Analysis of the non-Fourier effect during tumor hyperthermia treatment

• Main Authors: Tien-Wei Lin, 林田葳
• Other Authors: Kuo-Chi Liu
• Format: Others
• Language: zh-TW
• Published: 2010
• Online Access: http://ndltd.ncl.edu.tw/handle/81168249593021240682

碩士 === 遠東科技大學 === 機械研究所 === 98 === A basic understanding of the heat transport occurring in biological tissues during hyperthermia treatment is essential for its improvement. They are serious problems yet sufficiently cleared up. Especially, the temperature distribution inside as well as outside the target region must be known as function of the exposure time in order to provide a level of therapeutic temperature and, on the other hand, to avoid overheating and damaging of the surrounding normal tissue.

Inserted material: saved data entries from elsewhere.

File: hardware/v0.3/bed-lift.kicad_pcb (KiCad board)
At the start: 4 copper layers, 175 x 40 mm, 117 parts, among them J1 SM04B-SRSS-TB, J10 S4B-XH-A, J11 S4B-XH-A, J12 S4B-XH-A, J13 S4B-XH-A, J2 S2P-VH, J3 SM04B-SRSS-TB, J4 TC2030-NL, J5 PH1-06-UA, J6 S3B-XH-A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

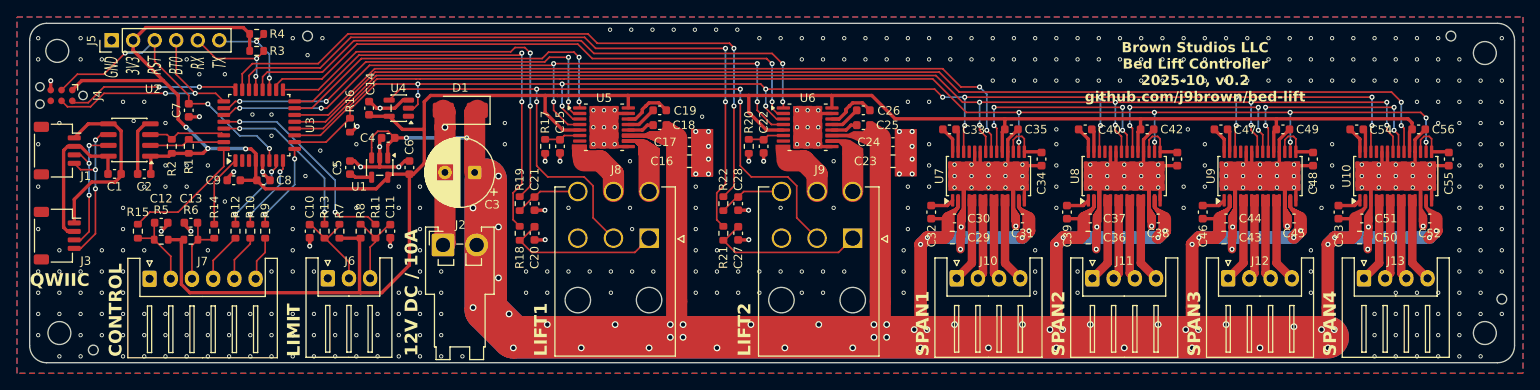
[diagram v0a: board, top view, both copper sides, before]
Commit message: Update v0.3 to address errata.
Moved the board design and errata into a versioned documents.
Added some photos of the bed.
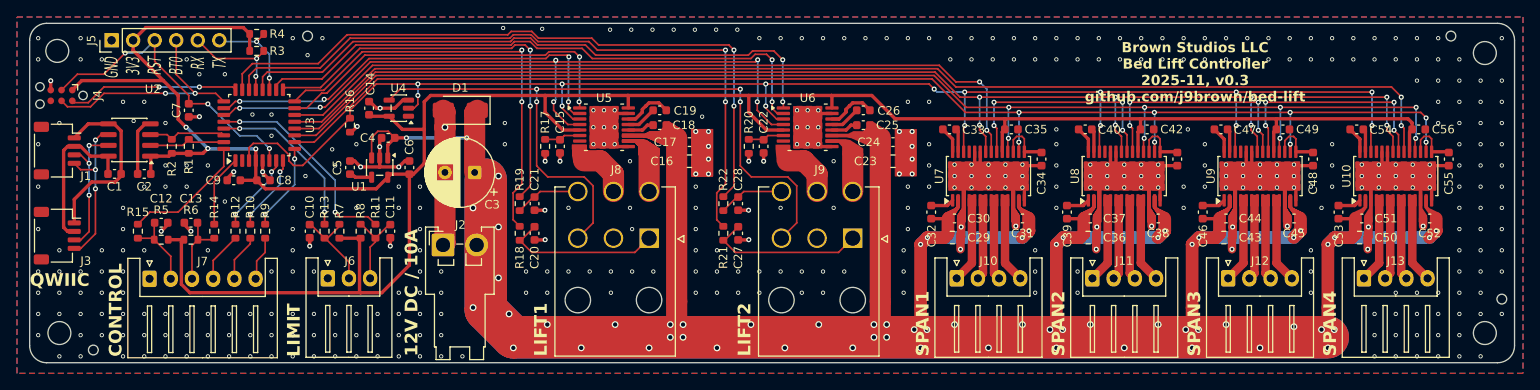
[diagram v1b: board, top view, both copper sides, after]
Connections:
- J8 pad 2: /VHALL -> GND
- J8 pad 3: GND -> /VHALL
- J9 pad 2: /VHALL -> GND
- J9 pad 3: GND -> /VHALL
- U10 pad 18: GND -> /SPI1_NSS
- U3 pad 10: /~{DRV_SLEEP} -> /~{SPAN_FAULT}
- U3 pad 11: /~{SPAN_FAULT} -> /SPI1_NSS
- U3 pad 3: unconnected-(U3-PC15-Pad3) -> /~{DRV_SLEEP}
- U7 pad 18: GND -> /SPI1_NSS
- U8 pad 18: GND -> /SPI1_NSS
- U9 pad 18: GND -> /SPI1_NSS
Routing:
- net /SPI1_NSS: track 0.00 -> 157.8 mm, vias 0 -> 8
- net GND: track 123.2 -> 105.3 mm, vias 477 -> 451
- net /~{DRV_SLEEP}: track 171.1 -> 183.6 mm
- net /SPI1_SCLK: track 157.2 -> 159.7 mm
- net /~{LIFT_FAULT}: track 83.5 -> 84.8 mm
- net /span1/SDO: track 26.0 -> 27.3 mm
- net /span3/SDO: track 25.8 -> 27.0 mm
- net /span2/SDO: track 26.0 -> 27.2 mm
- net /LIFT2_IN1: track 71.1 -> 72.1 mm
- net /LIFT2_IN2: track 68.4 -> 69.4 mm
- net /SPI1_SDO: track 92.1 -> 92.8 mm
- net /SPI1_SDI: track 140.3 -> 141.0 mm
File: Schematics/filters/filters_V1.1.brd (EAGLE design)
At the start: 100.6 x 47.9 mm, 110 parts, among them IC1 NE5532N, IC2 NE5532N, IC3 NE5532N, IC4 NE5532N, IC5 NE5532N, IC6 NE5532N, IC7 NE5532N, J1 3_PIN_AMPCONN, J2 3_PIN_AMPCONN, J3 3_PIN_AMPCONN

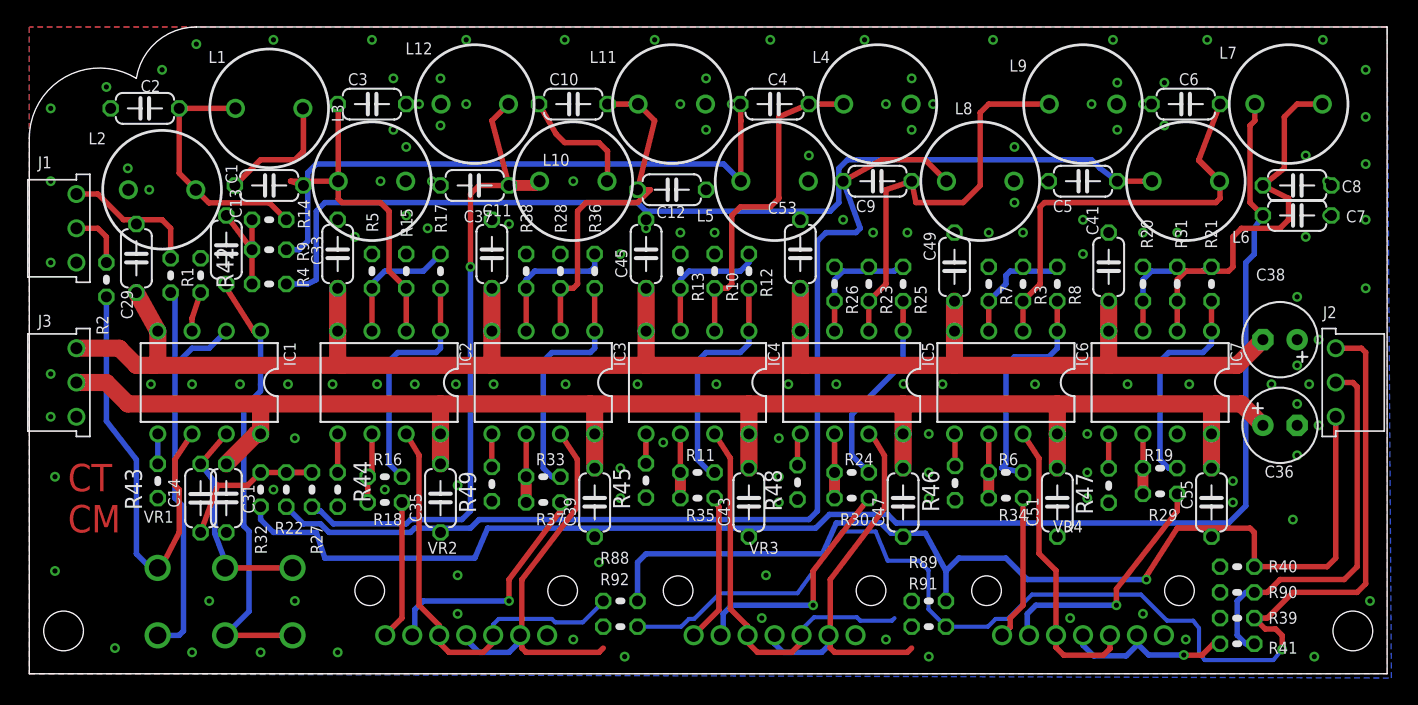
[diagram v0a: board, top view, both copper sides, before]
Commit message: cleaned up filters directory and fixed traces on filter board
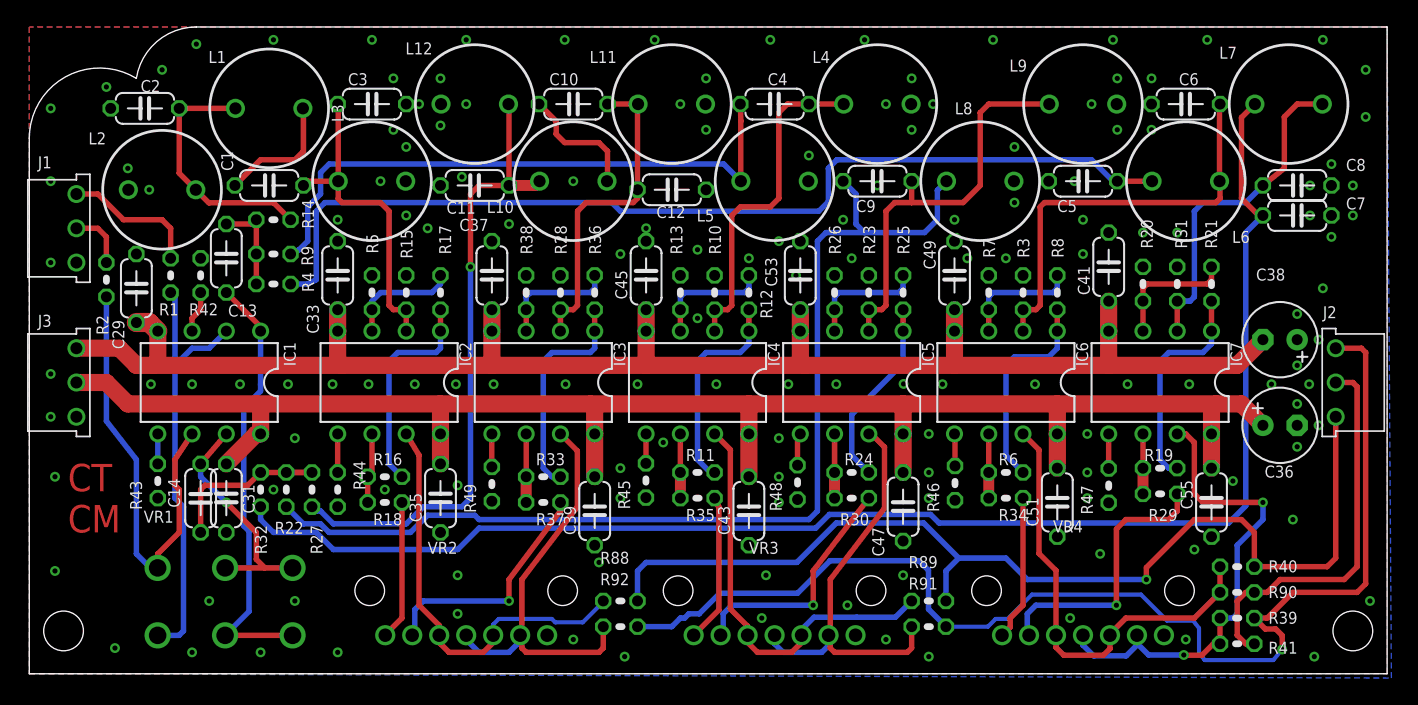
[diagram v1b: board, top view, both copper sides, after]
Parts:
- moved C29 2.22 mm to (7.94, 28.6)
- moved C33 1.59 mm to (22.9, 29.5)
- moved C37 1.59 mm to (34.3, 29.5)
- moved C45 1.59 mm to (45.7, 29.5)
- moved C53 1.59 mm to (57.1, 29.5)
- moved R10 1.59 mm to (50.8, 28.3)
- moved R12 1.59 mm to (53.3, 28.3)
- moved R13 1.59 mm to (48.3, 28.3)
- moved R15 1.59 mm to (27.9, 28.3)
- moved R17 1.59 mm to (30.5, 28.3)
- moved R28 1.59 mm to (39.4, 28.3)
- moved R36 1.59 mm to (41.9, 28.3)
- moved R38 1.59 mm to (36.8, 28.3)
- moved R5 1.59 mm to (25.4, 28.3)
- moved C13 0.64 mm to (14.6, 30.8)
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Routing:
- net N$40: track 13.0 -> 36.1 mm, vias 1 -> 2
- net MVO: track 22.1 -> 33.7 mm
- net -12V: track 127.9 -> 119.4 mm
- net N$14: track 28.0 -> 24.9 mm
- net N$38: track 93.3 -> 90.5 mm
- net N$7: track 33.5 -> 30.9 mm
- net N$59: track 26.3 -> 24.1 mm
- net N$37: track 18.3 -> 20.5 mm
- net N$5: track 16.1 -> 18.1 mm, vias 0 -> 1
- net N$50: track 29.6 -> 31.3 mm
- net N$55: track 29.3 -> 31.1 mm
- net N$41: track 30.1 -> 31.9 mm
- net N$17: track 17.4 -> 15.8 mm
- net N$47: track 18.1 -> 16.5 mm
- net N$15: track 17.6 -> 16.0 mm

In accordance with the contents of the literatures, thermal behavior in nonhomogenous media needs a relaxation time to accumulate enough energy to transfer to the nearest element. In reality, the living tissues are highly nonhomogenous, and the velocity of heat transfer in tissues should be limited. Therefore, it should be to pay more attention on the investigation for the non-Fourier effect of heat transfer in living tissues, and then effect the non-Fourier effect on the behavior of bio-heat transfer will be ensured. For more complete results and helpfulness on the development of cancer therapy, this article studies the problem of the magnetic tumor hyperthermia with the space-dependent spherical heat source by using Fourier, Dual-Phase-Lag, and thermal wave models. Comparison among bio-heat transfer models and investigation to the effects of space-dependent heat source are made. The magnetic nanoparticles diffuse form the injected location in the radial direction, so the present problem becomes the bio-heat transfer problem in spherical coordinate. Essentially, there exists the mathematical difficulty for solving the non-Fourier bio-heat transfer problem in spherical coordinate. The mathematical difficulty of the present problem absolutely increases for the difference of the thermo-physical parameters between two layers and the Gaussian distribution source. This article develops a hybrid numerical scheme based on the Laplace transform, change of variables, and the modified discretization technique in conjunction with the hyperbolic shape functions for solving the present problem.